I have a brother-in-law that needs the drive fixed on his 19-foot Bayliner. Anyone on here know a good boat mechanic that they trust in the SLC area? Thanks for your help!


----------



## High Desert Elk (Aug 21, 2012)

MWScott72 said:


> I have a brother-in-law that needs the drive fixed on his 19-foot Bayliner. Anyone on here know a good boat mechanic that they trust in the SLC area? Thanks for your help!

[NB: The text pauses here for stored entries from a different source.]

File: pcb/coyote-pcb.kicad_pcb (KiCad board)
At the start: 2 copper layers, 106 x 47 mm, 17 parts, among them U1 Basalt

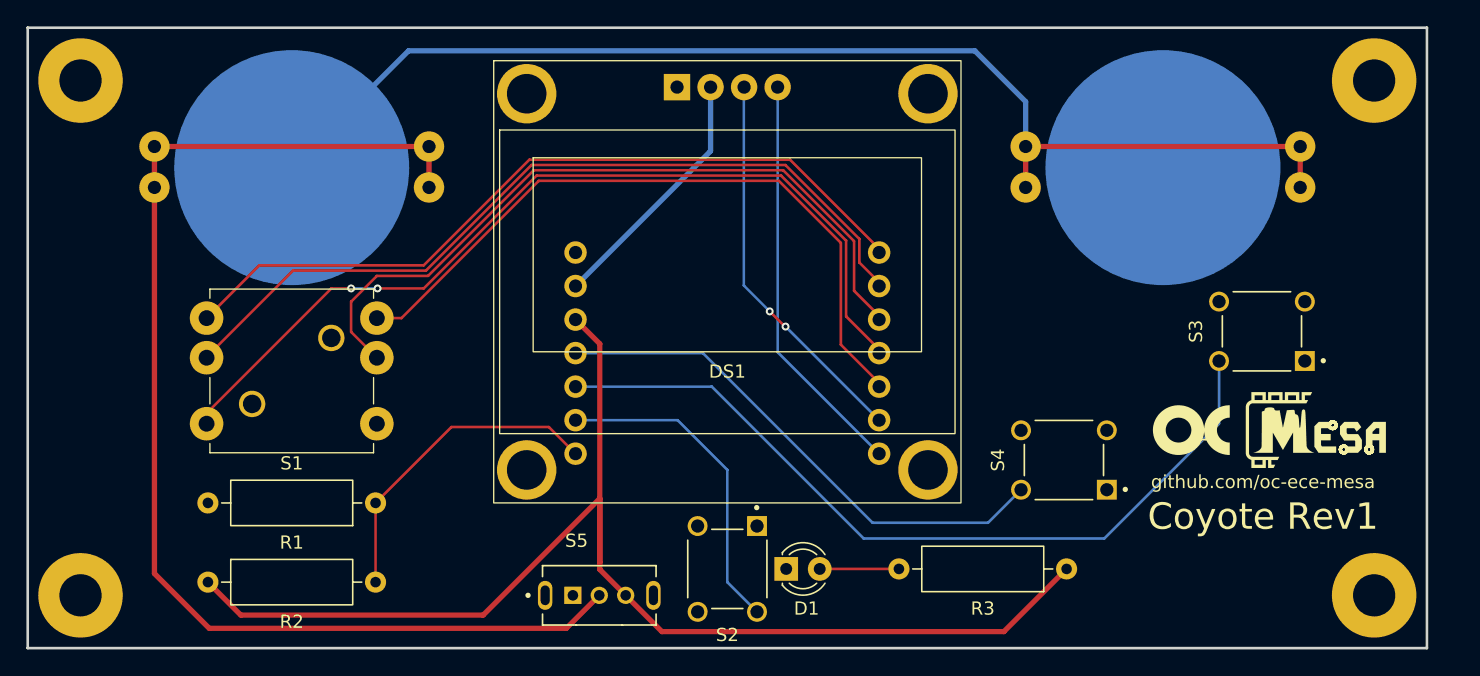
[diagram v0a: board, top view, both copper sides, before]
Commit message: Add dimensional drawing and STEP file
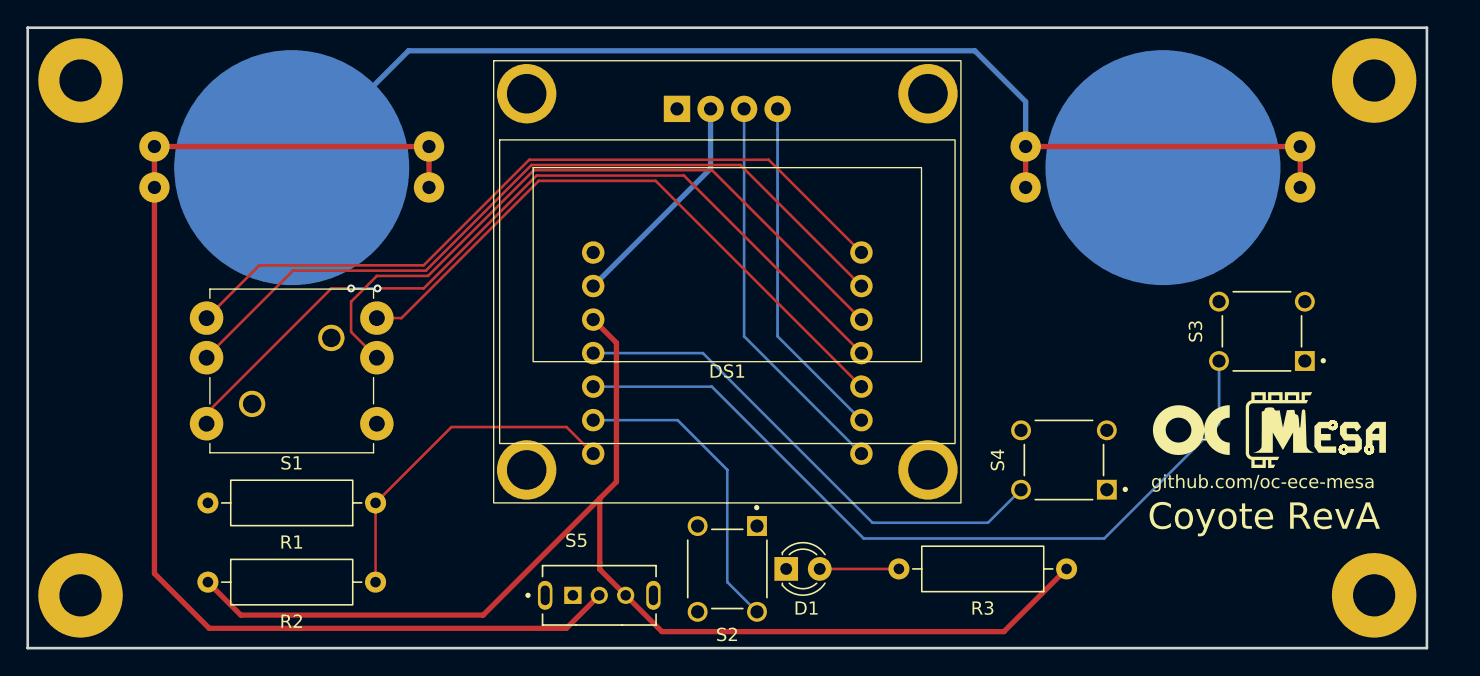
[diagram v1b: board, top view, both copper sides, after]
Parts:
- U1: footprint my-kicad-parts:MESA_Basalt -> my-kicad-parts:MESA_Basalt_RevA
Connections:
- U1 pad 6: Net-(DS1-SCL) -> Net-(DS1-SDA)
- U1 pad 7: Net-(DS1-SDA) -> Net-(DS1-SCL)
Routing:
- net Net-(S1-PRESS): track 53.2 -> 47.5 mm
- net Net-(DS1-SDA): track 31.0 -> 26.2 mm
- net Net-(S1-LEFT): track 69.1 -> 64.5 mm
- net +5V: track 98.5 -> 94.2 mm
- net Net-(S1-DOWN): track 56.0 -> 52.5 mm
- net Net-(S1-RIGHT): track 61.8 -> 59.5 mm
- net +3.3V: track 19.3 -> 17.1 mm
- net Net-(S3-Pad2): track 62.0 -> 60.5 mm
- net Net-(S4-Pad2): track 40.1 -> 38.8 mm
- net Net-(S2-Pad2): track 24.7 -> 23.4 mm
- net Net-(R1-Pad1): track 24.8 -> 26.1 mm
- net Net-(S1-UP): track 58.7 -> 57.5 mm
- net Net-(DS1-SCL): track 29.6 -> 29.8 mm, vias 2 -> 0
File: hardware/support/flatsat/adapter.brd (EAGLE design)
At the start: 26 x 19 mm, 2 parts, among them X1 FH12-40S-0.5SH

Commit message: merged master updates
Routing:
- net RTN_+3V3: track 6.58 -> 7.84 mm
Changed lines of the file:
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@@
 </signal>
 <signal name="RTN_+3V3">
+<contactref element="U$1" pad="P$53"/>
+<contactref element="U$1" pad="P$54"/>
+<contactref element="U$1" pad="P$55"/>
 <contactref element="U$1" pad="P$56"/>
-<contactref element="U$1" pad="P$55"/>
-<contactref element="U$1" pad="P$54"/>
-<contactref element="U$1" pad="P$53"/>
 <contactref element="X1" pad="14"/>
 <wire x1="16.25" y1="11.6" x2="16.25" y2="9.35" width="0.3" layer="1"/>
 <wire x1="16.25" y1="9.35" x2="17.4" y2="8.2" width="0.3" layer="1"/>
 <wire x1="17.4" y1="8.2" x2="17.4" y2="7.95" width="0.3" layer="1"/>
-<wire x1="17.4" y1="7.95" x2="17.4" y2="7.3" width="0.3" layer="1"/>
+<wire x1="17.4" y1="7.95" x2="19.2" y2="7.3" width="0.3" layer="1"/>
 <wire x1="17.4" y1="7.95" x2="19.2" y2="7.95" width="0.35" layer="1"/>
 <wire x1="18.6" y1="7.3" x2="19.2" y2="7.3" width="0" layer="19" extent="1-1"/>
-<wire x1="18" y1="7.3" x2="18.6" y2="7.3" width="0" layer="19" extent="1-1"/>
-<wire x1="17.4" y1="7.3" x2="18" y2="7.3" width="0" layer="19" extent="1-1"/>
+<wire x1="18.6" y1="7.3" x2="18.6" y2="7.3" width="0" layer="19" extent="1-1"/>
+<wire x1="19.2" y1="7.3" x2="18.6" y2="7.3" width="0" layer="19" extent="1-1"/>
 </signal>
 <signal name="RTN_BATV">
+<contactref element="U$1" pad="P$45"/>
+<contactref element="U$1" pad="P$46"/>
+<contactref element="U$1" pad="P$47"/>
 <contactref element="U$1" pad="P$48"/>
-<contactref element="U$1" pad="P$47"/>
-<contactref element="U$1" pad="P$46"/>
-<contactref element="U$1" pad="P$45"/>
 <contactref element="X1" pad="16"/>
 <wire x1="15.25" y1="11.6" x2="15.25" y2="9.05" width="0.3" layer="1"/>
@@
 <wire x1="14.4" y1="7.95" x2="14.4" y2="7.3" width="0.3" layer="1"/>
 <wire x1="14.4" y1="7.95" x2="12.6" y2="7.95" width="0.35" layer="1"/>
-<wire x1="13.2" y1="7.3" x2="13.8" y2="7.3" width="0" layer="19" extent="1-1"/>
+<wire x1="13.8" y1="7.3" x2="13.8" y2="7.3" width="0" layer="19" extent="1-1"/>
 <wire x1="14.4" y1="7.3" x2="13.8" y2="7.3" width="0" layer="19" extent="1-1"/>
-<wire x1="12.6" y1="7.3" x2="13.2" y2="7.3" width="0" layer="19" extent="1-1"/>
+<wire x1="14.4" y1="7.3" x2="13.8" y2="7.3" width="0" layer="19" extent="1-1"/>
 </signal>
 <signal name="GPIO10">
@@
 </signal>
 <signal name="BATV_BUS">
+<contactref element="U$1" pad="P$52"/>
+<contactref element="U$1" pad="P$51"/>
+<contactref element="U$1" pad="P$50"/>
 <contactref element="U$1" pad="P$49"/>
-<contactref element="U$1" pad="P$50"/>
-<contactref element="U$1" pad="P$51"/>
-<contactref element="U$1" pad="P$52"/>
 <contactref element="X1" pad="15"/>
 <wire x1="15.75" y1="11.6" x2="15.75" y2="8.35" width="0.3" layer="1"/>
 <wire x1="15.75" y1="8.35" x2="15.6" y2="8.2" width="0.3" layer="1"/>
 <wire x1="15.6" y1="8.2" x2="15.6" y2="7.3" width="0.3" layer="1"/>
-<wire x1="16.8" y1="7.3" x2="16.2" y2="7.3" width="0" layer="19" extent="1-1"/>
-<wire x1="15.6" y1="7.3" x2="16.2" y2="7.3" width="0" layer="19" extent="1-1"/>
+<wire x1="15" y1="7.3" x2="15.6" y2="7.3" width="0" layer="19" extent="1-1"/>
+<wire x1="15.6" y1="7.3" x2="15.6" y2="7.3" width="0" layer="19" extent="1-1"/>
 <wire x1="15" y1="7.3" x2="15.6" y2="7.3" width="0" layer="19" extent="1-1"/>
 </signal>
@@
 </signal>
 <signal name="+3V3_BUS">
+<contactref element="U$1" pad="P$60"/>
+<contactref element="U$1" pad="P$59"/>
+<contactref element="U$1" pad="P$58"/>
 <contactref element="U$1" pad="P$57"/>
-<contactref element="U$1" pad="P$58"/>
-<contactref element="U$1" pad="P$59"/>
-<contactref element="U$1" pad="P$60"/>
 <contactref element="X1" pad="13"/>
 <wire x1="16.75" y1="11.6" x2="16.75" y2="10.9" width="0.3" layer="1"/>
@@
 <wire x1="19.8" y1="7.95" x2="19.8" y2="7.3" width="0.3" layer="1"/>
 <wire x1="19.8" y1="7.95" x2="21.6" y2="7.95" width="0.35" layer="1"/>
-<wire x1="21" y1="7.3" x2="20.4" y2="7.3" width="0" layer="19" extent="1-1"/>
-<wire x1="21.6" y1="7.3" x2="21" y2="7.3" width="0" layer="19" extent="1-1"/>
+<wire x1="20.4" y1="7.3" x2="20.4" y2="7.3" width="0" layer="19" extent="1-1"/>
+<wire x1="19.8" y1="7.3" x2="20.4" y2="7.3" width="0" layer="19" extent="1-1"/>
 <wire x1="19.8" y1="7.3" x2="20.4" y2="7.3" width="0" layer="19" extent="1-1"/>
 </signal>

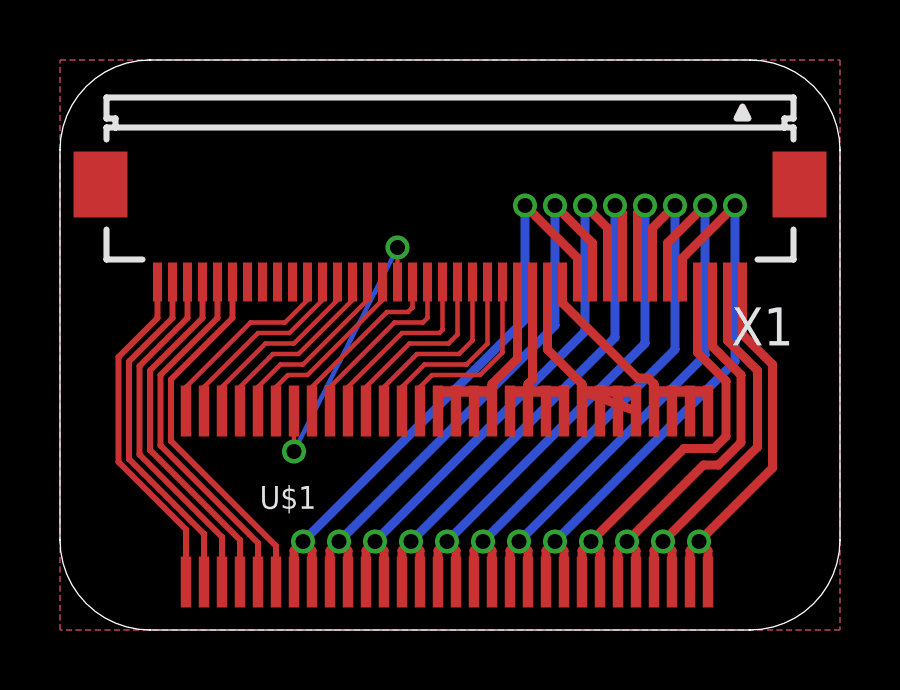
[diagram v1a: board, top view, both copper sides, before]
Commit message: added flatsat board and routed
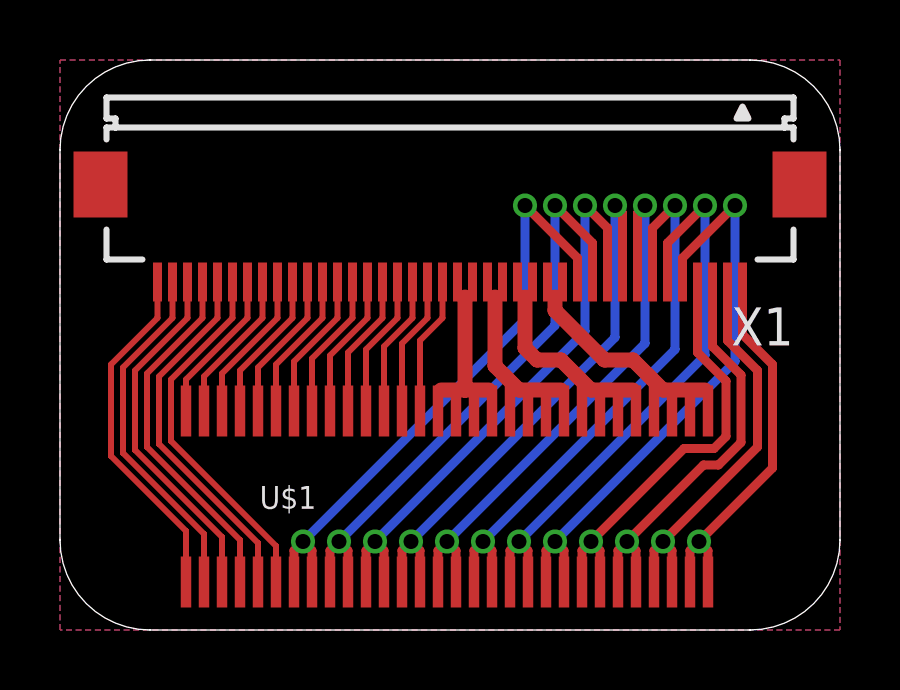
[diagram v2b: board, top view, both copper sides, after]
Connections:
- removed net +3.3V_SW1: U$1.P$2
- removed net +3V3_BUS: U$1.P$57, U$1.P$58, U$1.P$59, U$1.P$60, X1.13
- removed net BATV_BUS: U$1.P$49, U$1.P$50, U$1.P$51, U$1.P$52, X1.15
- removed net N$50: X1.31
- removed net N$51: X1.32
- removed net N$52: X1.33
- removed net N$53: X1.34
- new net +3V3: U$1.P$57, U$1.P$58, U$1.P$59, U$1.P$60, X1.13, X1.14
- new net BATV: U$1.P$49, U$1.P$50, U$1.P$51, U$1.P$52, X1.17, X1.18
- net +3V3_SW1: now also U$1.P$2
- net /SS/GPIO2: now also X1.31; no longer X1.27
- net GPIO10: now also X1.23; no longer X1.19
- net GPIO11: now also X1.22; no longer X1.18
- net GPIO12: now also X1.21; no longer X1.17
- net GPIO3: now also X1.30; no longer X1.26
- net GPIO4: now also X1.29; no longer X1.25
- net GPIO5: now also X1.28; no longer X1.24
- net GPIO6: now also X1.27; no longer X1.23
- net GPIO7: now also X1.26; no longer X1.22
- net GPIO8: now also X1.25; no longer X1.21
- net GPIO9: now also X1.24; no longer X1.20
- net MISO: now also X1.33; no longer X1.29
- net MOSI: now also X1.34; no longer X1.30
- net RTN_+3V3: now also X1.15, X1.16; no longer X1.14
- net RTN_BATV: now also X1.19, X1.20; no longer X1.16
- net SCK: now also X1.32; no longer X1.28
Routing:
- net +3V3: track 0.00 -> 8.55 mm
- net +3V3_BUS: track 7.57 -> 0.00 mm
- net BATV: track 0.00 -> 6.78 mm
- net GPIO5: track 10.1 -> 4.90 mm, vias 2 -> 0
- net BATV_BUS: track 4.36 -> 0.00 mm
- net N$32: track 1.80 -> 0.00 mm
- net GPIO12: track 6.38 -> 4.61 mm
- net GPIO10: track 6.34 -> 4.69 mm
- net GPIO11: track 6.30 -> 4.65 mm
- net GPIO9: track 6.32 -> 4.73 mm
- net GPIO8: track 6.34 -> 4.78 mm
- net MOSI: track 6.65 -> 5.15 mm
- net MISO: track 6.55 -> 5.11 mm
- net SCK: track 6.45 -> 5.07 mm
- net GPIO7: track 6.20 -> 4.82 mm

Any Bayliner dealer should be able to provide the fix he needs.


----------



## shaner (Nov 30, 2007)

Not is Salt Lake but everyone raves about a guy in Hyrum.
I sent a friend there last summer and my friend said he had a great experience and was 100% satisfied.


----------



## MWScott72 (May 23, 2011)

Thanks for the replies guys!

Shaner - you know the guy's name in Hyrum?


----------



## CPAjeff (Dec 20, 2014)

Mark Kilts Marine out of Ogden is another good one.


----------



## caddis8 (Sep 10, 2007)

MWScott72 said:


> Thanks for the replies guys!
> 
> Shaner - you know the guy's name in Hyrum?


Lee's Marine

Address: 363 W 200 N, Hyrum, UT 84319
Hours: 
Open ⋅ Closes 5PM

Hours or services may differ
Phone: (435) 245-7727


----------



## Catherder (Aug 2, 2008)

caddis8 said:


> Lee's Marine
> 
> Address: 363 W 200 N, Hyrum, UT 84319
> Hours:
> ...


Plus one on Lees Marine. Several friends use him and swear by his fine service.


----------



## Packfish (Oct 30, 2007)

Lees a great guy and if he thinks someone is better for your specific problem he will tell you. Always treated me very well.


----------



## shaner (Nov 30, 2007)

Everyone beat me to it, Lee’s it is.
I have not heard a single bad thing about him.
Plus, you can drop off your boat and be one minute away from catching a perch dinner.
Does it get any better?!


----------



## johnrr65 (Nov 7, 2019)

shaner said:


> Everyone beat me to it, Lee's it is.
> I have not heard a single bad thing about him.
> Plus, you can drop off your boat and be one minute away from catching a perch dinner.
> Does it get any better?!


+1


----------



## MWScott72 (May 23, 2011)

Thanks again guys!


----------